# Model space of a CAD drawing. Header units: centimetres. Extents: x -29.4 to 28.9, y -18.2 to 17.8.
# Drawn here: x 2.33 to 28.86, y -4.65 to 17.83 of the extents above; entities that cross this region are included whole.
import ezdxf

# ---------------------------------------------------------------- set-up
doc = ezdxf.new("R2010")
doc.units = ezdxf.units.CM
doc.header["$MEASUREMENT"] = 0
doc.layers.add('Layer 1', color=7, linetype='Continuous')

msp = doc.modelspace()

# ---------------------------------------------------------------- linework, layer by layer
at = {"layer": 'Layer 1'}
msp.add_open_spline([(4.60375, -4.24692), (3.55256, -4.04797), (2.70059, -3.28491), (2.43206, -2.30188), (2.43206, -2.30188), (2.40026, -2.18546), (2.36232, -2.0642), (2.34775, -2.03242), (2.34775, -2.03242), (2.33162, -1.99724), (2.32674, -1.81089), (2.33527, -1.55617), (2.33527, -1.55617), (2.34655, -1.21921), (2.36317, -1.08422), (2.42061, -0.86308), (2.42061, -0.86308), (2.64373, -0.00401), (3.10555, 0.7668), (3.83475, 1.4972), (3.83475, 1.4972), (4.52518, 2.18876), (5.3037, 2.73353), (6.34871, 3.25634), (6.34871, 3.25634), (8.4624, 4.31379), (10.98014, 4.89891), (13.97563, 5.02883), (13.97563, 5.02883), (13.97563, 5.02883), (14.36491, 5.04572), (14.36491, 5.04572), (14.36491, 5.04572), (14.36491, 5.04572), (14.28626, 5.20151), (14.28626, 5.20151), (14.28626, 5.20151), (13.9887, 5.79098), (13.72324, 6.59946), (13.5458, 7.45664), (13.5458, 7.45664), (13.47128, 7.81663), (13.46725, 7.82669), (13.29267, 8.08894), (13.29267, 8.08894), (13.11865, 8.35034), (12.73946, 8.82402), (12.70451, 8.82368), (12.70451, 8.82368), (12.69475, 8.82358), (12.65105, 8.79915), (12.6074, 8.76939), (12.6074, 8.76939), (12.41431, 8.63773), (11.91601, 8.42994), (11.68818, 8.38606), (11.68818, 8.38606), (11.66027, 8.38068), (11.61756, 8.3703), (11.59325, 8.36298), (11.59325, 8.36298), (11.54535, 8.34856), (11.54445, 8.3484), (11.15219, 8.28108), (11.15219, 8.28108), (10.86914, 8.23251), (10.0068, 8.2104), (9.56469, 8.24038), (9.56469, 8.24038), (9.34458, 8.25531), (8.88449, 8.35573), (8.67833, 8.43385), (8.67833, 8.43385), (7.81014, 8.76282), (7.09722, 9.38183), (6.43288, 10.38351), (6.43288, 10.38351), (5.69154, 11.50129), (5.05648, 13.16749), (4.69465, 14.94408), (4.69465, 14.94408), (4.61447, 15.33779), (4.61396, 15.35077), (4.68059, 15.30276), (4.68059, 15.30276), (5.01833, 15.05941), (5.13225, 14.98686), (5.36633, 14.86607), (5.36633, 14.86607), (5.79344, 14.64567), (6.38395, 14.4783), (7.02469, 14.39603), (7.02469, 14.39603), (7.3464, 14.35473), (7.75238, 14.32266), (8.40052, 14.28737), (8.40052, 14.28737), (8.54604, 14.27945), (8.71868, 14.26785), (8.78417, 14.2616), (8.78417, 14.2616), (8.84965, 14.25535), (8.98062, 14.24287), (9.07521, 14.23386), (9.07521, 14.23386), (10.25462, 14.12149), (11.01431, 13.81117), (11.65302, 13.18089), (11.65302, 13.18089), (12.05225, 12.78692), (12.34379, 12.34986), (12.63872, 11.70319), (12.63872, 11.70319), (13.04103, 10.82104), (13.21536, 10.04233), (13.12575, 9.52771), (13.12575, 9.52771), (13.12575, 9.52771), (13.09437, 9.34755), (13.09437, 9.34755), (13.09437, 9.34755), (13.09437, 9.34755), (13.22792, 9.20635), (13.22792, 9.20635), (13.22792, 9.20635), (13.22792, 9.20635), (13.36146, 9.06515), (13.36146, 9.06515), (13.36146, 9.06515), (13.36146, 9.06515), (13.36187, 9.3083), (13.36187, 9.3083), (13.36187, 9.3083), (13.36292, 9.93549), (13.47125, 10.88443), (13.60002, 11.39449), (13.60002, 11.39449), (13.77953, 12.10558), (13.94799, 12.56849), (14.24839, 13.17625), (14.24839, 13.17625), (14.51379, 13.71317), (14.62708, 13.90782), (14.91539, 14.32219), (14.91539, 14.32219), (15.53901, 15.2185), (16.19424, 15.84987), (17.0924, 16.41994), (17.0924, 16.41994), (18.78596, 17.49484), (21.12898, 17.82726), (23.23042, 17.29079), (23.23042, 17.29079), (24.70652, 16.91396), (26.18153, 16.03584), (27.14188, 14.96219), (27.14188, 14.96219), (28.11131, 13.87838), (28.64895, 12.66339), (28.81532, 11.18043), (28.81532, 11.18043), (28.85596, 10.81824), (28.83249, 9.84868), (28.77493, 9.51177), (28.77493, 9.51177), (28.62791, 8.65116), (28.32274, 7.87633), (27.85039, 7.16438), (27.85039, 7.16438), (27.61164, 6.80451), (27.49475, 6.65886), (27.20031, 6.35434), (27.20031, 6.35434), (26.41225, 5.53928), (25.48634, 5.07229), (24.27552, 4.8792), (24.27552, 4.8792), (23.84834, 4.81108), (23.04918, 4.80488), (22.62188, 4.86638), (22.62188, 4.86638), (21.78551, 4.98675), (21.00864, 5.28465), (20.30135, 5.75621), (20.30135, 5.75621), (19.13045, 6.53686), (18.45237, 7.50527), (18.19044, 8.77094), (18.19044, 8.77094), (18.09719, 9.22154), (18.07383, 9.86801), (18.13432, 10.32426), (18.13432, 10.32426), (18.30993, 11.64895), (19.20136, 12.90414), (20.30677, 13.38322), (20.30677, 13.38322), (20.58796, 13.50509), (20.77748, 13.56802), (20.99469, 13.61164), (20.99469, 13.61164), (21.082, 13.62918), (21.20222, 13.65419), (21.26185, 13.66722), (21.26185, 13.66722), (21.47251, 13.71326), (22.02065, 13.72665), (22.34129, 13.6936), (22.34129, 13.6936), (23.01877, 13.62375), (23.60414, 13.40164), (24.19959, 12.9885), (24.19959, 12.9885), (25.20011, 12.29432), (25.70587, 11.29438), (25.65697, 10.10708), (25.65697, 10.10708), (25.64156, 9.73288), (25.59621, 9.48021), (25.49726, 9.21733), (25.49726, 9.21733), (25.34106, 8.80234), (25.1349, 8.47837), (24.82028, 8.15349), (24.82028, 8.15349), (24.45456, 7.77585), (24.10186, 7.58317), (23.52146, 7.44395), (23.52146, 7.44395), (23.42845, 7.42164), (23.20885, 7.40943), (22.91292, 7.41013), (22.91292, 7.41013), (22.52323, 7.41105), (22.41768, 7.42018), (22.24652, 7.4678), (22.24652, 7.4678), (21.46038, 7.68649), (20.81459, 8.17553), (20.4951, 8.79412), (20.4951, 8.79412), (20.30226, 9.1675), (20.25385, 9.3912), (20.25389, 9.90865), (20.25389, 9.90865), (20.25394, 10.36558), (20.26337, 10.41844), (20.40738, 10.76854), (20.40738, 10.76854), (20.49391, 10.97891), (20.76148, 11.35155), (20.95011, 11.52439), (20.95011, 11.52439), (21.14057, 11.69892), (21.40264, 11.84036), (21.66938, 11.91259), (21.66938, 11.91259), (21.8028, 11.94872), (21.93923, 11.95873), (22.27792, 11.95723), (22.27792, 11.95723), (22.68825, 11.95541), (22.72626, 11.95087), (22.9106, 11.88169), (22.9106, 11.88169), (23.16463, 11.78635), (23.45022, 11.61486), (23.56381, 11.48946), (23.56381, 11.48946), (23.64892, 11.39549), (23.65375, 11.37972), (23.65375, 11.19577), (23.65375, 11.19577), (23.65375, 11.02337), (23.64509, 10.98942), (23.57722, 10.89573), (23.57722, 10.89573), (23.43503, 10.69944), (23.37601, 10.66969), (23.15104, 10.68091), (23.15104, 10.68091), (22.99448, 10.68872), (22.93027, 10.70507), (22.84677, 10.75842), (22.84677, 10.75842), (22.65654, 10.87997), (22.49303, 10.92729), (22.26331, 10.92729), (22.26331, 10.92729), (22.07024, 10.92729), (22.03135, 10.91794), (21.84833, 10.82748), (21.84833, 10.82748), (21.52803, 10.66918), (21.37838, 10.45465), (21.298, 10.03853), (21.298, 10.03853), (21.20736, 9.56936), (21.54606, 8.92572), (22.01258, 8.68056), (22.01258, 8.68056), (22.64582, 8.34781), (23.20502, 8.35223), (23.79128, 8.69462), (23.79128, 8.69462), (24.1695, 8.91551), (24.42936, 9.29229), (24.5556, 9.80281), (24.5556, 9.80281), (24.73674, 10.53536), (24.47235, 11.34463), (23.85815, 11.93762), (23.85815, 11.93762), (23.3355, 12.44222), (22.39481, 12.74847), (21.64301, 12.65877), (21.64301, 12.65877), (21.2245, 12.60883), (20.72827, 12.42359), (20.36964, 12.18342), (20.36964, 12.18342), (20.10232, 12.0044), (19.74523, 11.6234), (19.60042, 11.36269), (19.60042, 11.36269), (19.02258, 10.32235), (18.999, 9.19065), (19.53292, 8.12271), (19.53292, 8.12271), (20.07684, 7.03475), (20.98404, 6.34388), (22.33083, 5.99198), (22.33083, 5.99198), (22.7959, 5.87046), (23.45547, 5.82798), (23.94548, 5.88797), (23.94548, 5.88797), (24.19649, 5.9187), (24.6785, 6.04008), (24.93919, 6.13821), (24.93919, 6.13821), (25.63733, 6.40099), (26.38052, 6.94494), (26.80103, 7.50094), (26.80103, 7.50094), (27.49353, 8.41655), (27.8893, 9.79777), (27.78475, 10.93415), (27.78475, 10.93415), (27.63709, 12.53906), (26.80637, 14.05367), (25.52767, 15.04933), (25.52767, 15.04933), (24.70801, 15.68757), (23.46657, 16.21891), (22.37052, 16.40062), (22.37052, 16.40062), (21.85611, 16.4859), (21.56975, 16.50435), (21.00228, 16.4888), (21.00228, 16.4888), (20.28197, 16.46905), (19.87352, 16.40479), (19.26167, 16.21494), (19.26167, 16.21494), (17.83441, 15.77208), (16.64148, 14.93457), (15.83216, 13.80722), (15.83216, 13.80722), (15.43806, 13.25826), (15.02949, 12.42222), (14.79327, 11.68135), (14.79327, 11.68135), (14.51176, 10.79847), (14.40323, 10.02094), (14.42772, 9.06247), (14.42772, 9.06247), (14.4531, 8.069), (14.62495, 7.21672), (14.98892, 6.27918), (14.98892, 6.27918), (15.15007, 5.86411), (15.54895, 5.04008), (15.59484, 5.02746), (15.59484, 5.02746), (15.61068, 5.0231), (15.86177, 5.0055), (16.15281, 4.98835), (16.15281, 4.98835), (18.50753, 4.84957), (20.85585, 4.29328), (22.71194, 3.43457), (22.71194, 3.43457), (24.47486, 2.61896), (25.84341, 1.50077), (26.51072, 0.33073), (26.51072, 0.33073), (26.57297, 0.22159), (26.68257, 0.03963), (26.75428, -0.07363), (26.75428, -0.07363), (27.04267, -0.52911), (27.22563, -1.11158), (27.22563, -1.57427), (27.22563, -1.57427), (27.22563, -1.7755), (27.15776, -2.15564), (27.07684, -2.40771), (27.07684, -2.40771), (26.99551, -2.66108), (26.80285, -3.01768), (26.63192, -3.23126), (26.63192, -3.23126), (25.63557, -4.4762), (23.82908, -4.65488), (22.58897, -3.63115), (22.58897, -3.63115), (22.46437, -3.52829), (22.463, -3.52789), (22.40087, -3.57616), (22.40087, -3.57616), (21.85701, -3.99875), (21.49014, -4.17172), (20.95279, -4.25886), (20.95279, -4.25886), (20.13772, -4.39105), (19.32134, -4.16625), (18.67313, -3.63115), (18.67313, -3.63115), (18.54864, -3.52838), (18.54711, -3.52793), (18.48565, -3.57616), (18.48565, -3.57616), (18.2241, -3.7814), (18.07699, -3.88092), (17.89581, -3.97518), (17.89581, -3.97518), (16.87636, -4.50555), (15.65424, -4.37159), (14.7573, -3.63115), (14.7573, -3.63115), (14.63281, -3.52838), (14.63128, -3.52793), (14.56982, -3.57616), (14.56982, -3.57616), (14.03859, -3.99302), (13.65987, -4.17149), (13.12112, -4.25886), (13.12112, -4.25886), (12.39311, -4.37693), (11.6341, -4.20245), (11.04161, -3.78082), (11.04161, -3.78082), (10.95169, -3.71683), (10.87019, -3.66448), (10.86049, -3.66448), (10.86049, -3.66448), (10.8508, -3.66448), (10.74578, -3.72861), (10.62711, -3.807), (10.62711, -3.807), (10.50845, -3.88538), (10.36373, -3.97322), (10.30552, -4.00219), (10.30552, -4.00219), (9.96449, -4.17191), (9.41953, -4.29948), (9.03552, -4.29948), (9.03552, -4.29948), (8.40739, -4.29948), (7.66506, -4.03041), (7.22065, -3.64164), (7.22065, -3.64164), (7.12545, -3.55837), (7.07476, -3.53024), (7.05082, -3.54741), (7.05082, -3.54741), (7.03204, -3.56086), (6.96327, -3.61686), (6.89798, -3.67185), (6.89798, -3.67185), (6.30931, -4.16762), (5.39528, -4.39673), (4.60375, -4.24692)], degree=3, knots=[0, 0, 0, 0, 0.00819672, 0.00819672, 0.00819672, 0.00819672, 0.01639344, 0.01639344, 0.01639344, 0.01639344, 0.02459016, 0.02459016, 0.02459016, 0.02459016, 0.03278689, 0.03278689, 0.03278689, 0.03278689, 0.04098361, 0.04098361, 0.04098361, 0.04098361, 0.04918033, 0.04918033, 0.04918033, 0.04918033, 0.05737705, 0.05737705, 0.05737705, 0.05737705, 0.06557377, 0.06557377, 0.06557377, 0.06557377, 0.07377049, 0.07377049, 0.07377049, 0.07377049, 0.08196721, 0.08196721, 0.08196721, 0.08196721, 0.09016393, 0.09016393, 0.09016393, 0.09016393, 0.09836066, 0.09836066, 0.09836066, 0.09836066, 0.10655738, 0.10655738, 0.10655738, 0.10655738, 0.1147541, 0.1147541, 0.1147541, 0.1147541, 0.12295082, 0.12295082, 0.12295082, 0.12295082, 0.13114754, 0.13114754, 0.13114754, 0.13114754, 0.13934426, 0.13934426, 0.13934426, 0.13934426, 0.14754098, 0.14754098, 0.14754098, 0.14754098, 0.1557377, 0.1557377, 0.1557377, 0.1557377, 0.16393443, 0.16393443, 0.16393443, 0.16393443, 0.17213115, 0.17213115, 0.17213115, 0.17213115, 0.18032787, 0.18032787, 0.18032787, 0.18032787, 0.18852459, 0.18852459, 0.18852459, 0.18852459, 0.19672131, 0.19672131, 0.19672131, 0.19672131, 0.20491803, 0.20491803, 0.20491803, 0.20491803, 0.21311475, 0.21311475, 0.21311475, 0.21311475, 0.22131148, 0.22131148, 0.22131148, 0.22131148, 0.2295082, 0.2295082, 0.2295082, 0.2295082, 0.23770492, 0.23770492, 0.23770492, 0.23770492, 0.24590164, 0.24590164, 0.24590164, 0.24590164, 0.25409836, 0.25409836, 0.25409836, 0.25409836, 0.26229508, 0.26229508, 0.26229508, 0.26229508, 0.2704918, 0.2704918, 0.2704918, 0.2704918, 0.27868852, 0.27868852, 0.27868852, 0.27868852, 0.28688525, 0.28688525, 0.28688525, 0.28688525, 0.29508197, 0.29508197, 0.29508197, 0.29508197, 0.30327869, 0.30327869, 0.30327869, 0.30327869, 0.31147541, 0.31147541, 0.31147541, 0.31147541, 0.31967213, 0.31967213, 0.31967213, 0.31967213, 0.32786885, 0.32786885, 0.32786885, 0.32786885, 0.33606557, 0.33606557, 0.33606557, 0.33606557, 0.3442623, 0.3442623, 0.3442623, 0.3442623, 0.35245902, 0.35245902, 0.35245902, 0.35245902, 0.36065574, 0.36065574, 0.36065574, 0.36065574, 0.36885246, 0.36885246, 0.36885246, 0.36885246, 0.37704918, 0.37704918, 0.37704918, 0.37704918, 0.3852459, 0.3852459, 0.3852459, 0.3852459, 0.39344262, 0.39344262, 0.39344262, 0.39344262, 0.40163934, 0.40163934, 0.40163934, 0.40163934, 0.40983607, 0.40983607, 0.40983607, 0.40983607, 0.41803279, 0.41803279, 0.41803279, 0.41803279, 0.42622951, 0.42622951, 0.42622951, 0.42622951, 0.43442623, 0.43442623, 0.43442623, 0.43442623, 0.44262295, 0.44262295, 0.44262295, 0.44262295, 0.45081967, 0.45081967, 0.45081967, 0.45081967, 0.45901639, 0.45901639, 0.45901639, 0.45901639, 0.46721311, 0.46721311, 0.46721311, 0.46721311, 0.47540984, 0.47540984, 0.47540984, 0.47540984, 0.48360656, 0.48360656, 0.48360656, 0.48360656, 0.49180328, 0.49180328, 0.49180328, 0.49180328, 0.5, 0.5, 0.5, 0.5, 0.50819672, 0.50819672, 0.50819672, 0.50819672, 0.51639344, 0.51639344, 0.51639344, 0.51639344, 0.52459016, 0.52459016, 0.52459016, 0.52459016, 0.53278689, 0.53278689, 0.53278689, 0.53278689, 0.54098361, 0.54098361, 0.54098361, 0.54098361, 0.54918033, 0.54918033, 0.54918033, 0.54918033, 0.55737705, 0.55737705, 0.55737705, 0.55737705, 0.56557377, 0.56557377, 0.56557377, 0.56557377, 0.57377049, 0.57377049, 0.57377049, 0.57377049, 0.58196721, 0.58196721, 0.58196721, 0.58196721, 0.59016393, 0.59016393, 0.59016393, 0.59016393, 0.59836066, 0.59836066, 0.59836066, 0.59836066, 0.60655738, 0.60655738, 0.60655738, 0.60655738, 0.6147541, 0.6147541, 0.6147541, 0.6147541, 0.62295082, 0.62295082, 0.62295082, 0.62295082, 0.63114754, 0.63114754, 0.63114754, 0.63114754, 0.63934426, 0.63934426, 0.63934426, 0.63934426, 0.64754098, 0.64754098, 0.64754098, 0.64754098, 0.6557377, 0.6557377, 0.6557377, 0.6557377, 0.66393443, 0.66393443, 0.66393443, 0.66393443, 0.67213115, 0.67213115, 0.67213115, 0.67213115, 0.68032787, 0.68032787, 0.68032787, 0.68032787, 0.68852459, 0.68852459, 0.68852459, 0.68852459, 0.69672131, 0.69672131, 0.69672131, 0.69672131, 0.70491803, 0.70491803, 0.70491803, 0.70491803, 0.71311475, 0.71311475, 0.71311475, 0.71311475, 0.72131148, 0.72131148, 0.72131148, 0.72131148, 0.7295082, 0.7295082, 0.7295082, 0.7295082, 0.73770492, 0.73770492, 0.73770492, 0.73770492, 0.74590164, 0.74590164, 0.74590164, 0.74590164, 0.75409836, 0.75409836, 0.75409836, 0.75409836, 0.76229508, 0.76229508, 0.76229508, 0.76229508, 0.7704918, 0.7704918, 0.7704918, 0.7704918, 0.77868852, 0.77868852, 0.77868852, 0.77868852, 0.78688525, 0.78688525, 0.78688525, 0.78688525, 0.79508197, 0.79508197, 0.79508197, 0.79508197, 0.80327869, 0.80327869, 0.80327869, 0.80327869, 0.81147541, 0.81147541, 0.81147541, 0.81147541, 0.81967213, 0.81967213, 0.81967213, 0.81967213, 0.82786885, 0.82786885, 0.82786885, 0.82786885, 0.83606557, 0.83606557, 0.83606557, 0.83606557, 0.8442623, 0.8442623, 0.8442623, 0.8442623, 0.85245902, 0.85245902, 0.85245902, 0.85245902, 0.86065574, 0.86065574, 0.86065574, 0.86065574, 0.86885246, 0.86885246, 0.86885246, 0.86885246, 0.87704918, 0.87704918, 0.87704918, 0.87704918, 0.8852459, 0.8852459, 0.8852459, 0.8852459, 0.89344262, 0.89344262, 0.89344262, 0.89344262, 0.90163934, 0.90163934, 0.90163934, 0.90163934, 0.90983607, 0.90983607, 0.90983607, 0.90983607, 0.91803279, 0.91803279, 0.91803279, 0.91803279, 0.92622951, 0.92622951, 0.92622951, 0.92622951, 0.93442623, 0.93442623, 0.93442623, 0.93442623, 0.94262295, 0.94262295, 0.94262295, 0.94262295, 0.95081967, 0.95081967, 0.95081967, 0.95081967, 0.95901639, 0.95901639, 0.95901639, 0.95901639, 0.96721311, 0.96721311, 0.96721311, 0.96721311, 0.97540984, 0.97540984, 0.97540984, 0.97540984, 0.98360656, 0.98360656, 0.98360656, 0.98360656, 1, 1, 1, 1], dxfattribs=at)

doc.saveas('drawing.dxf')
========
→ Exercise goal
Read the data above and count the lines that include "drawing". Answer only with the count.

→ Response box
2